Directions: Of all the lines in the entries below, give again exactly those starting at the line containing "line L10 (-76.2, 71.12)" and ending at the line containing "line L4 (-0.4258, 7.4879)", both ends included, and no others.

(Records drawn from a dataset)
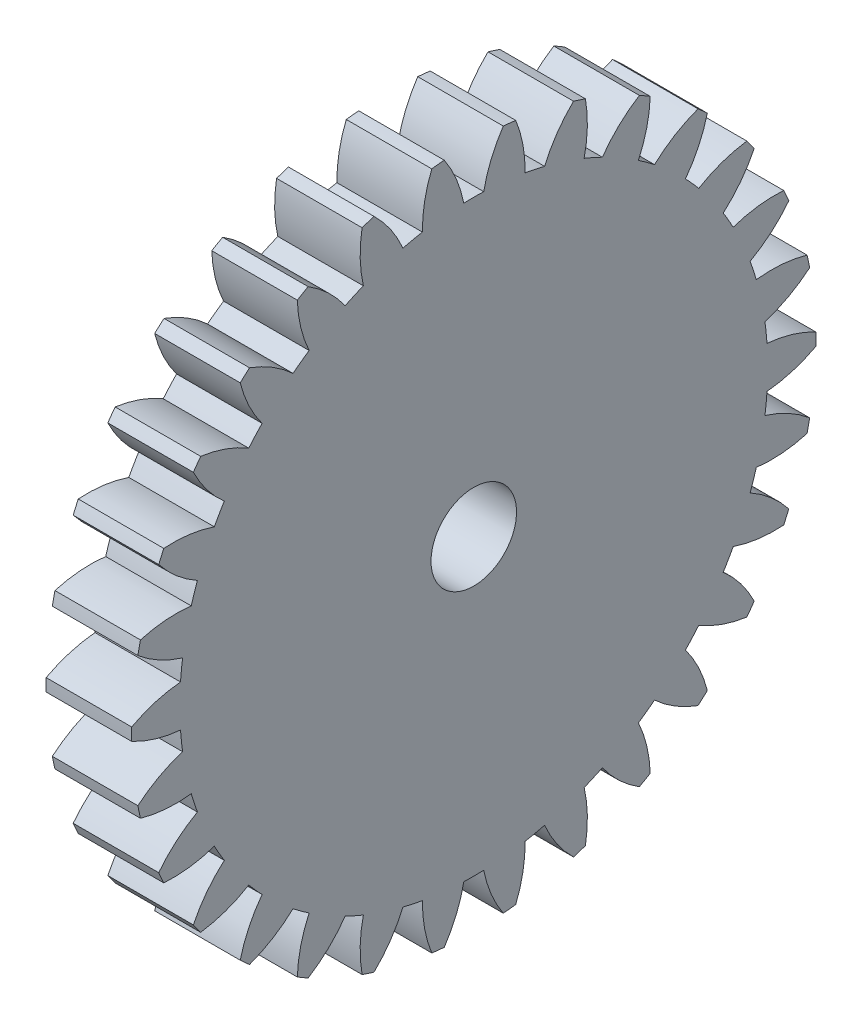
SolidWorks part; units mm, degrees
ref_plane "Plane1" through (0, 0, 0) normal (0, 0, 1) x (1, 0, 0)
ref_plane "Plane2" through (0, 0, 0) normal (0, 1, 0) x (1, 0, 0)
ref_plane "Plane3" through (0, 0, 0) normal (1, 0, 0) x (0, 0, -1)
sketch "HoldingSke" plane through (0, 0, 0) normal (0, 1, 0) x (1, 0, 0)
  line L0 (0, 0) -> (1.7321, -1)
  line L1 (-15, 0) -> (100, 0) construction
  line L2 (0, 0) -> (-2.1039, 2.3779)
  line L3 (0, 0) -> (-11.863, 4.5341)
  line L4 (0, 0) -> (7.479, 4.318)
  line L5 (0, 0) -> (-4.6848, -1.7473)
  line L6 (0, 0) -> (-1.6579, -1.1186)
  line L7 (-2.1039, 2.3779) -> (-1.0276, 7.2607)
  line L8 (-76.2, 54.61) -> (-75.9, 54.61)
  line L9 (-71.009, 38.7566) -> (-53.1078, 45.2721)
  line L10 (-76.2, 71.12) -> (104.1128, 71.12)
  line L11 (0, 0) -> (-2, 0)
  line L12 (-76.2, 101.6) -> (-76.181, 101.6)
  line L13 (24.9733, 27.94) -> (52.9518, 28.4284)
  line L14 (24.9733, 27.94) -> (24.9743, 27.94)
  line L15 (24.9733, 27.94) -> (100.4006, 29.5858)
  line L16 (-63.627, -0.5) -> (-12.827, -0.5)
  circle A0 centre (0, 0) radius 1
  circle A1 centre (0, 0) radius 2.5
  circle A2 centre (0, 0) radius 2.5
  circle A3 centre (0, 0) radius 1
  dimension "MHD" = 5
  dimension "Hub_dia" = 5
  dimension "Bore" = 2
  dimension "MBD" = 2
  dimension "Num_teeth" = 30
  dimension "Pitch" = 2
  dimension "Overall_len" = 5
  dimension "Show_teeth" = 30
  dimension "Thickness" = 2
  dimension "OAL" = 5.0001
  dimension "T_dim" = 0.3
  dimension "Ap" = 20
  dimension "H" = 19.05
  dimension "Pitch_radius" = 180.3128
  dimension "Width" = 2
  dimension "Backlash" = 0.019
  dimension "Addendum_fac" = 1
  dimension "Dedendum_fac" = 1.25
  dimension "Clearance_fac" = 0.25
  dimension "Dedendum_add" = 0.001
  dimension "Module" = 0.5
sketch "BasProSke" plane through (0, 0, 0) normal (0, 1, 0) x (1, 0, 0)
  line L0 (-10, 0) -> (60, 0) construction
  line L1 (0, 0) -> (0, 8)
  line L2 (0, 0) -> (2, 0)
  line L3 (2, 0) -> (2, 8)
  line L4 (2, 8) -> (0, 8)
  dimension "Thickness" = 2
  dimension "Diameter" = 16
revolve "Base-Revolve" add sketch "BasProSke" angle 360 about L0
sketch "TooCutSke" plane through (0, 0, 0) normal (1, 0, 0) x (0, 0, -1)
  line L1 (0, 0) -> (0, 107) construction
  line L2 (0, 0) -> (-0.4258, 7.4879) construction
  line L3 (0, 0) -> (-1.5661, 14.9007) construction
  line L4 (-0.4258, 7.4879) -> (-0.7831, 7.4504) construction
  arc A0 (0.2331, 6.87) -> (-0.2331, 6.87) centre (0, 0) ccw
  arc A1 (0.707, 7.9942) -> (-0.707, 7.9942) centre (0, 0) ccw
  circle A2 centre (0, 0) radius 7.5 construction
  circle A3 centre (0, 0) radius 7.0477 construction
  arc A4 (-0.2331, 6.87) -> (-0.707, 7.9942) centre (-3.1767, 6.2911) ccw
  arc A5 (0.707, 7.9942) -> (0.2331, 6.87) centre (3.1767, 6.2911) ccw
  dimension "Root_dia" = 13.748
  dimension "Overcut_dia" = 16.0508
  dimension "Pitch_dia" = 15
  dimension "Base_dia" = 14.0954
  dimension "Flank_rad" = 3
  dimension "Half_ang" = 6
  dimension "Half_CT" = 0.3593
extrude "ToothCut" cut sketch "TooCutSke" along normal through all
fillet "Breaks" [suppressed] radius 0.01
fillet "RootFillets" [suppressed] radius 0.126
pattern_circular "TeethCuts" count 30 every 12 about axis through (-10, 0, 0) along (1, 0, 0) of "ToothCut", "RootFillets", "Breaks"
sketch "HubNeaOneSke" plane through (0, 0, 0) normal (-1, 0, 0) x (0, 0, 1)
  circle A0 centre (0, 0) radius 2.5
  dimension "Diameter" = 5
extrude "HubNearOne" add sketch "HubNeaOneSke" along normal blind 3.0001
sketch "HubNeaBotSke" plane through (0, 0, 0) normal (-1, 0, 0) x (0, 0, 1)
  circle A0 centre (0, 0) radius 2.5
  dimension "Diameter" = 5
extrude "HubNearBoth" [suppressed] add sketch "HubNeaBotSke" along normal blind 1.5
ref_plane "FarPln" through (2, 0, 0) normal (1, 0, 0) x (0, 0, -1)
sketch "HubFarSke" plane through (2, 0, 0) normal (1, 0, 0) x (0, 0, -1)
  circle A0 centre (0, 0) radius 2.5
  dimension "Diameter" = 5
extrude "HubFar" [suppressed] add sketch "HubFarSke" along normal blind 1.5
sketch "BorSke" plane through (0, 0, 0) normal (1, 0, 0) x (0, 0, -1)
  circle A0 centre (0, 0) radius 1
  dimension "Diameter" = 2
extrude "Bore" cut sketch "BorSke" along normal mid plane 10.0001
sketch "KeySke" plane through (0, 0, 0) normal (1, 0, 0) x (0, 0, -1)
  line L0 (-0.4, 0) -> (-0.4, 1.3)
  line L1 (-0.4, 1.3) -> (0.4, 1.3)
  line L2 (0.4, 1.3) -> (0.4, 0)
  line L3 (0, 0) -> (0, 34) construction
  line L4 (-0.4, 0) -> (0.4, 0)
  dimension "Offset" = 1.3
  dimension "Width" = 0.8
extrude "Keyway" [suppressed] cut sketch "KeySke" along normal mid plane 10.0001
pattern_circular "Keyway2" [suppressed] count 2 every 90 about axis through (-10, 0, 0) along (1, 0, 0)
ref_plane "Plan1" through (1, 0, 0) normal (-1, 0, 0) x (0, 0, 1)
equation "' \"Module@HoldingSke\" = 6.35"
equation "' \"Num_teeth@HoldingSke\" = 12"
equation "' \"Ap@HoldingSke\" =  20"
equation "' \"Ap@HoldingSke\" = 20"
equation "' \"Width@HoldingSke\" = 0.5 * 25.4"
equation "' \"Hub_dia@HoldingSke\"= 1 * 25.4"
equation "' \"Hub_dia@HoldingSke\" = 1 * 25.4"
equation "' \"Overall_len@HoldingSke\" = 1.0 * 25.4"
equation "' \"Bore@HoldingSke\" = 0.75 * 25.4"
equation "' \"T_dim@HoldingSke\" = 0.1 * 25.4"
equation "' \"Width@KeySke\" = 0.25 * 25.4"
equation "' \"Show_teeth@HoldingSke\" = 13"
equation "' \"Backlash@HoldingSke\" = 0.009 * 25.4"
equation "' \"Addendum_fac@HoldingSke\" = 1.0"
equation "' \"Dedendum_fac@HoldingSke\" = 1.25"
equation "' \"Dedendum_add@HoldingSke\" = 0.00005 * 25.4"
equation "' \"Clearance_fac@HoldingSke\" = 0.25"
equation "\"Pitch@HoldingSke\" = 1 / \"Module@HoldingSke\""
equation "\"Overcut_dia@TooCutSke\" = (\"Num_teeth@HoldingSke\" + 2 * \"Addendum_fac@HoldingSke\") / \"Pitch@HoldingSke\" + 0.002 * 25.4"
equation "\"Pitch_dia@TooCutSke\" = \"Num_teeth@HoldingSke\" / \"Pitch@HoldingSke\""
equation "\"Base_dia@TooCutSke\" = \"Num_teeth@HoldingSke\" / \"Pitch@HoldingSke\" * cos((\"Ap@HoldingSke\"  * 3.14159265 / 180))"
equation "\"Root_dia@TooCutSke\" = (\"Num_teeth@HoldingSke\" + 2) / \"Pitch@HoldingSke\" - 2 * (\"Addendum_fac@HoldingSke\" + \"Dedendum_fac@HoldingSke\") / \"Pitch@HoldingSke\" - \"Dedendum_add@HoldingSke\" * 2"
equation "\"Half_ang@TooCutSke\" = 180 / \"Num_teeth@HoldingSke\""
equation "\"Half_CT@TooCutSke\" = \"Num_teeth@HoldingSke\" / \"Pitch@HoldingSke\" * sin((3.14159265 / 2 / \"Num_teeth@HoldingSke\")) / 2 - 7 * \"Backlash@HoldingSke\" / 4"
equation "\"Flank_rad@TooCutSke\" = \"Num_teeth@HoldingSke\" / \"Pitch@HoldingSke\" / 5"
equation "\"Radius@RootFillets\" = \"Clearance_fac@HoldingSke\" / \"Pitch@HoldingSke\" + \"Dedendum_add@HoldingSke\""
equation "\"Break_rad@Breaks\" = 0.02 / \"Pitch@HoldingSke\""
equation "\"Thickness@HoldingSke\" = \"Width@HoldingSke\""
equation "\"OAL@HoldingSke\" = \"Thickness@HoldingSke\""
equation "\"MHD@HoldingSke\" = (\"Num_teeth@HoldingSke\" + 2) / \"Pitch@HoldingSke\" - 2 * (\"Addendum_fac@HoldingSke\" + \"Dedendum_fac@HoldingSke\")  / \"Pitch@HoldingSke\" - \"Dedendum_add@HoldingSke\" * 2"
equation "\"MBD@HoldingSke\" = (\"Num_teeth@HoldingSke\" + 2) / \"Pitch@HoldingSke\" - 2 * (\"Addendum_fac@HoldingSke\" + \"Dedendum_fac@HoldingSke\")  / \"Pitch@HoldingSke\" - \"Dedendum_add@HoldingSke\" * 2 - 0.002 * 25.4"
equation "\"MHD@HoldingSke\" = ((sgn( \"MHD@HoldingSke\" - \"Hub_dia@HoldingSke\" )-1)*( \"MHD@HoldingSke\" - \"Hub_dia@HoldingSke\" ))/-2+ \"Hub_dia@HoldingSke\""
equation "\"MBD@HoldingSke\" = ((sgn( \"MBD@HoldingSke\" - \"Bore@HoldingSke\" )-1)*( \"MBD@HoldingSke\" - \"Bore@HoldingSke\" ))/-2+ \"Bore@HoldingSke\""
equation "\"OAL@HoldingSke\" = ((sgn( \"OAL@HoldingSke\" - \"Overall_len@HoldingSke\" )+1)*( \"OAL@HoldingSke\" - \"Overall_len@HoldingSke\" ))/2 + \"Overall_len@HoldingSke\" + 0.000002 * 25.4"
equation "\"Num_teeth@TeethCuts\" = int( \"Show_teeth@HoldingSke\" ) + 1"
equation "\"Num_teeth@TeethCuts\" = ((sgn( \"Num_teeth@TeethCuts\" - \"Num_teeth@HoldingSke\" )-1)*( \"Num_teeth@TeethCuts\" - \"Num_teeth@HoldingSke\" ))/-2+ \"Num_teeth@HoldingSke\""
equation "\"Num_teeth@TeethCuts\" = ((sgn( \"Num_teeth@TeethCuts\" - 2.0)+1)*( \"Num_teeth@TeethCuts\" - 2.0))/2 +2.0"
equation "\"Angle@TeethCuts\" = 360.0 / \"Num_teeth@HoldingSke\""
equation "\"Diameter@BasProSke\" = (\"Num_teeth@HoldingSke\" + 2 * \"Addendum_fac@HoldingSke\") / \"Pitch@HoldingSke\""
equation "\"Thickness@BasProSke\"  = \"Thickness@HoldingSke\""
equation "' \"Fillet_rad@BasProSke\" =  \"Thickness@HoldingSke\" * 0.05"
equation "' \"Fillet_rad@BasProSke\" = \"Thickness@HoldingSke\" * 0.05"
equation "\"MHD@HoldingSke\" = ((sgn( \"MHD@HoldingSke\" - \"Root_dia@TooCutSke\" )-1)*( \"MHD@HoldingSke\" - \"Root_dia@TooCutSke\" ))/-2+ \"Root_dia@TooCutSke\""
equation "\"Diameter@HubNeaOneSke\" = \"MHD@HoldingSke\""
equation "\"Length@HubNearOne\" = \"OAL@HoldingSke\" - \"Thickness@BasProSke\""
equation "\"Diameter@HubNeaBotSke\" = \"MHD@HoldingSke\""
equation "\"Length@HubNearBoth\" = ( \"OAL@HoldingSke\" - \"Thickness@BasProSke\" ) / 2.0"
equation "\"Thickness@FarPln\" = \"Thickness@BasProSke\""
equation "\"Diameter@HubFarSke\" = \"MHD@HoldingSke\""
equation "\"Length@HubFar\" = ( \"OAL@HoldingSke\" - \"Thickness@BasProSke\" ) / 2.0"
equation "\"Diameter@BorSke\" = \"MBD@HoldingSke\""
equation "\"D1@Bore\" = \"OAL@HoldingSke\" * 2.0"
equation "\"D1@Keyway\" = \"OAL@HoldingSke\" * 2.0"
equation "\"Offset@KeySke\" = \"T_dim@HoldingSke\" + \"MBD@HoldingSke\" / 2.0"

Your response:
  line L10 (-76.2, 71.12) -> (104.1128, 71.12)
  line L11 (0, 0) -> (-2, 0)
  line L12 (-76.2, 101.6) -> (-76.181, 101.6)
  line L13 (24.9733, 27.94) -> (52.9518, 28.4284)
  line L14 (24.9733, 27.94) -> (24.9743, 27.94)
  line L15 (24.9733, 27.94) -> (100.4006, 29.5858)
  line L16 (-63.627, -0.5) -> (-12.827, -0.5)
  circle A0 centre (0, 0) radius 1
  circle A1 centre (0, 0) radius 2.5
  circle A2 centre (0, 0) radius 2.5
  circle A3 centre (0, 0) radius 1
  dimension "MHD" = 5
  dimension "Hub_dia" = 5
  dimension "Bore" = 2
  dimension "MBD" = 2
  dimension "Num_teeth" = 30
  dimension "Pitch" = 2
  dimension "Overall_len" = 5
  dimension "Show_teeth" = 30
  dimension "Thickness" = 2
  dimension "OAL" = 5.0001
  dimension "T_dim" = 0.3
  dimension "Ap" = 20
  dimension "H" = 19.05
  dimension "Pitch_radius" = 180.3128
  dimension "Width" = 2
  dimension "Backlash" = 0.019
  dimension "Addendum_fac" = 1
  dimension "Dedendum_fac" = 1.25
  dimension "Clearance_fac" = 0.25
  dimension "Dedendum_add" = 0.001
  dimension "Module" = 0.5
sketch "BasProSke" plane through (0, 0, 0) normal (0, 1, 0) x (1, 0, 0)
  line L0 (-10, 0) -> (60, 0) construction
  line L1 (0, 0) -> (0, 8)
  line L2 (0, 0) -> (2, 0)
  line L3 (2, 0) -> (2, 8)
  line L4 (2, 8) -> (0, 8)
  dimension "Thickness" = 2
  dimension "Diameter" = 16
revolve "Base-Revolve" add sketch "BasProSke" angle 360 about L0
sketch "TooCutSke" plane through (0, 0, 0) normal (1, 0, 0) x (0, 0, -1)
  line L1 (0, 0) -> (0, 107) construction
  line L2 (0, 0) -> (-0.4258, 7.4879) construction
  line L3 (0, 0) -> (-1.5661, 14.9007) construction
  line L4 (-0.4258, 7.4879) -> (-0.7831, 7.4504) construction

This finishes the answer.